Patrões de
Sócrates contra o Estado
por
Catarina Guerreiro
O
grupo farmacêutico Octapharma – que contratou José Sócrates para presidente do
seu conselho consultivo para a América Latina – está em litígio com o Estado
português, tendo impugnado um recente concurso público que visa o tratamento e
o uso do plasma nacional, que tem ido para o lixo.
Segundo
o SOL apurou, em causa está um concurso lançado em Junho de 2012 que visava
escolher a empresa para inactivar o plasma (um processo de purificação
biológica para garantir que não contém nenhum vírus) recolhido aos portugueses
pelo Instituto Português do Sangue e Transplantação (IPST).
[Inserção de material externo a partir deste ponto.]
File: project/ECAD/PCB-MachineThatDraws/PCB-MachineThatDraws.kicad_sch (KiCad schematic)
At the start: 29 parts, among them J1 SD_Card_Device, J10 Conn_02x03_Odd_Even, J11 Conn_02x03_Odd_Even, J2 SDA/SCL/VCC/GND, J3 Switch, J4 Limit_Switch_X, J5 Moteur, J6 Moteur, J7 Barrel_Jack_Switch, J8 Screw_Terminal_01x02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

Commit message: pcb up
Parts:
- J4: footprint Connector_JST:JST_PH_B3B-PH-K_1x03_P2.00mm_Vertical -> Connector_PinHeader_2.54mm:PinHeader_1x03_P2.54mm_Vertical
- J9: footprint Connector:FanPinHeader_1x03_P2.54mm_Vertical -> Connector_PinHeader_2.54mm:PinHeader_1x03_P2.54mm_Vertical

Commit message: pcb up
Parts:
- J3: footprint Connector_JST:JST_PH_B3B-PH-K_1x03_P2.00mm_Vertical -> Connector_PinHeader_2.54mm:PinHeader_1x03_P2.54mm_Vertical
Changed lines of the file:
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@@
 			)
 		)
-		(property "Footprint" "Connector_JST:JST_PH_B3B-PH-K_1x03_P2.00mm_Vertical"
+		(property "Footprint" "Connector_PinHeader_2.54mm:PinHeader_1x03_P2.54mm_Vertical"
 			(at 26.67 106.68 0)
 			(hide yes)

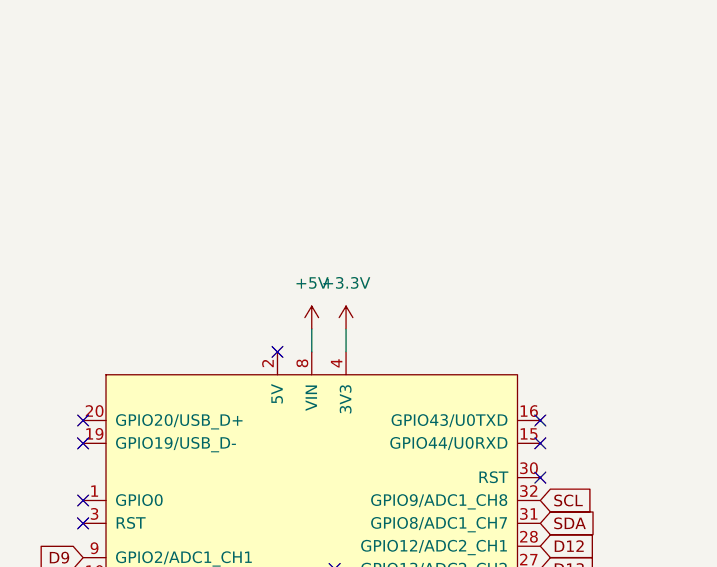
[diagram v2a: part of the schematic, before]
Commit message: pcb + sch up
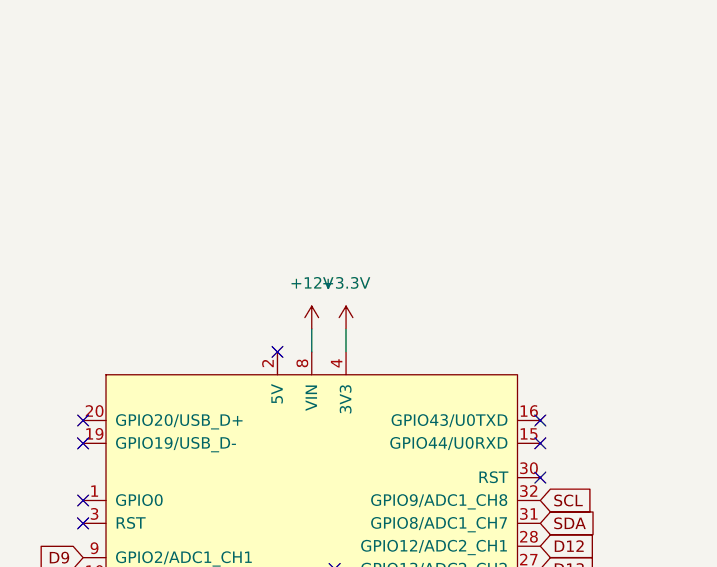
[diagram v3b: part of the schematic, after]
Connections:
- net +12V: now also U1.8 (VIN)
- net +5V: no longer U1.8 (VIN)
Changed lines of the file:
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@@
+	)
+	(symbol
+		(lib_id "power:+5V")
+		(at 46.99 20.32 0)
+		(unit 1)
+		(body_style 1)
+		(exclude_from_sim no)
+		(in_bom yes)
+		(on_board yes)
+		(in_pos_files yes)
+		(dnp no)
+		(fields_autoplaced yes)
+		(property "Reference" "#PWR034"
+			(at 46.99 24.13 0)
+			(hide yes)
+			(show_name no)
+			(do_not_autoplace no)
+			(effects
+				(font
+					(size 1.27 1.27)
+				)
+			)
+		)
+		(property "Value" "+12V"
+			(at 46.99 15.24 0)
+			(show_name no)
+			(do_not_autoplace no)
+			(effects
+				(font
+					(size 1.27 1.27)
+				)
+			)
+		)
+		(property "Footprint" ""
+			(at 46.99 20.32 0)
+			(hide yes)
+			(show_name no)
+			(do_not_autoplace no)
+			(effects
+				(font
+					(size 1.27 1.27)
+				)
+			)
+		)
+		(property "Datasheet" ""
+			(at 46.99 20.32 0)
+			(hide yes)
+			(show_name no)
+			(do_not_autoplace no)
+			(effects
+				(font
+					(size 1.27 1.27)
+				)
+			)
+		)
+		(property "Description" "Power symbol creates a global label with name \"+5V\""
+			(at 46.99 20.32 0)
+			(hide yes)
+			(show_name no)
+			(do_not_autoplace no)
+			(effects
+				(font
+					(size 1.27 1.27)
+				)
+			)
+		)
+		(pin "1"
+		)
+		(instances
+			(project "PCB-MachineThatDraws"
+				(path "/d1309c4d-f5c5-4ae1-9a0a-1ebc6300afdd"
+					(reference "#PWR034")
+					(unit 1)
+				)
+			)
+		)
 	)
 	(symbol
@@
 					(unit 1)
 				)
-			)
-		)
-	)
-	(symbol
-		(lib_id "power:+5V")
-		(at 46.99 20.32 0)
-		(unit 1)
-		(body_style 1)
-		(exclude_from_sim no)
-		(in_bom yes)
-		(on_board yes)
-		(in_pos_files yes)
-		(dnp no)
-		(fields_autoplaced yes)
-		(property "Reference" "#PWR03"
-			(at 46.99 24.13 0)
-			(hide yes)
-			(show_name no)
-			(do_not_autoplace no)
-			(effects
-				(font
-					(size 1.27 1.27)
-				)
-			)
-		)
-		(property "Value" "+5V"
-			(at 46.99 15.24 0)
-			(show_name no)
-			(do_not_autoplace no)
-			(effects
-				(font
-					(size 1.27 1.27)
-				)
-			)
-		)
-		(property "Footprint" ""
-			(at 46.99 20.32 0)
-			(hide yes)
-			(show_name no)
-			(do_not_autoplace no)
-			(effects
-				(font
-					(size 1.27 1.27)
-				)
-			)
-		)
-		(property "Datasheet" ""
-			(at 46.99 20.32 0)
-			(hide yes)
-			(show_name no)
-			(do_not_autoplace no)
-			(effects
-				(font
-					(size 1.27 1.27)
-				)
-			)
-		)
-		(property "Description" "Power symbol creates a global label with name \"+5V\""
-			(at 46.99 20.32 0)
-			(hide yes)
-			(show_name no)
-			(do_not_autoplace no)
-			(effects
-				(font
-					(size 1.27 1.27)
-				)
-			)
-		)
-		(pin "1"
-		)
-		(instances
-			(project "PCB-MachineThatDraws"
-				(path "/d1309c4d-f5c5-4ae1-9a0a-1ebc6300afdd"
-					(reference "#PWR03")
-					(unit 1)
-				)

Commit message: pcb correction
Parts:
- J5, J6: footprint Connector:NS-Tech_Grove_1x04_P2mm_Vertical -> Connector_PinHeader_2.54mm:PinHeader_1x04_P2.54mm_Vertical
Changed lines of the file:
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@@
 			)
 		)
-		(property "Footprint" "Connector:NS-Tech_Grove_1x04_P2mm_Vertical"
+		(property "Footprint" "Connector_PinHeader_2.54mm:PinHeader_1x04_P2.54mm_Vertical"
 			(at 200.66 125.73 0)
 			(hide yes)
@@
 			)
 		)
-		(property "Footprint" "Connector:NS-Tech_Grove_1x04_P2mm_Vertical"
+		(property "Footprint" "Connector_PinHeader_2.54mm:PinHeader_1x04_P2.54mm_Vertical"
 			(at 261.62 127 0)
 			(hide yes)

Ao todo, serão mais
de 200 mil unidades.
Até
agora, explicaram ao SOL fontes do sector, o plasma era comprado já inactivado
às empresas, tendo a Octapharma quase o monopólio da venda. «Eles usam sangue
de outros países, inactivam-no e vendem aos hospitais portugueses», explica uma
fonte ligada ao processo, adiantando que, com este novo concurso, o IPST passa
a poder também competir e vender aos estabelecimentos de saúde nacionais.
O
concurso tinha quatro concorrentes e previa a inactivação do plasma através de
apenas um método possível (o intercetp). A Octapharma – e também os
laboratórios Maco Spania – impugnou-o, alegando que, ao limitar o processo a
esse método, afastava à partida a empresa. «Segundo esses laboratórios, ao ser
imposto um método de inactivação que elas não usam, eram prejudicadas», refere
outra fonte.
O
responsável do laboratório em Portugal, Paulo Castro, confirmou ao SOL o
litígio: «A Octapharma, no cumprimento das regras que regem os concursos públicos,
reserva-se o direito de contestar os programas de concurso que, no seu
entender, não respeitam a lei. O concurso em causa, de resto, foi contestado
por outro concorrente além da Octapharma». Com a impugnação do concurso, este
teve de ser retirado, em Novembro passado.
Todo
este processo decorreu no segundo semestre do ano passado, altura em que José
Sócrates terá sido contactado pela Octapharma. Segundo a empresa, o
ex-primeiro-ministro começou a exercer as novas funções a 1 de Janeiro deste
ano, mas foi convidado oito meses antes.
O
processo para a inactivação do plasma está agora nas mãos dos Serviços
Partilhados do Ministério da Saúde. Em breve, apurou o SOL, o Governo irá
lançar o novo concurso, com algumas alterações. O plasma inactivado é usado em
doentes com grandes hemorragias, por exemplo.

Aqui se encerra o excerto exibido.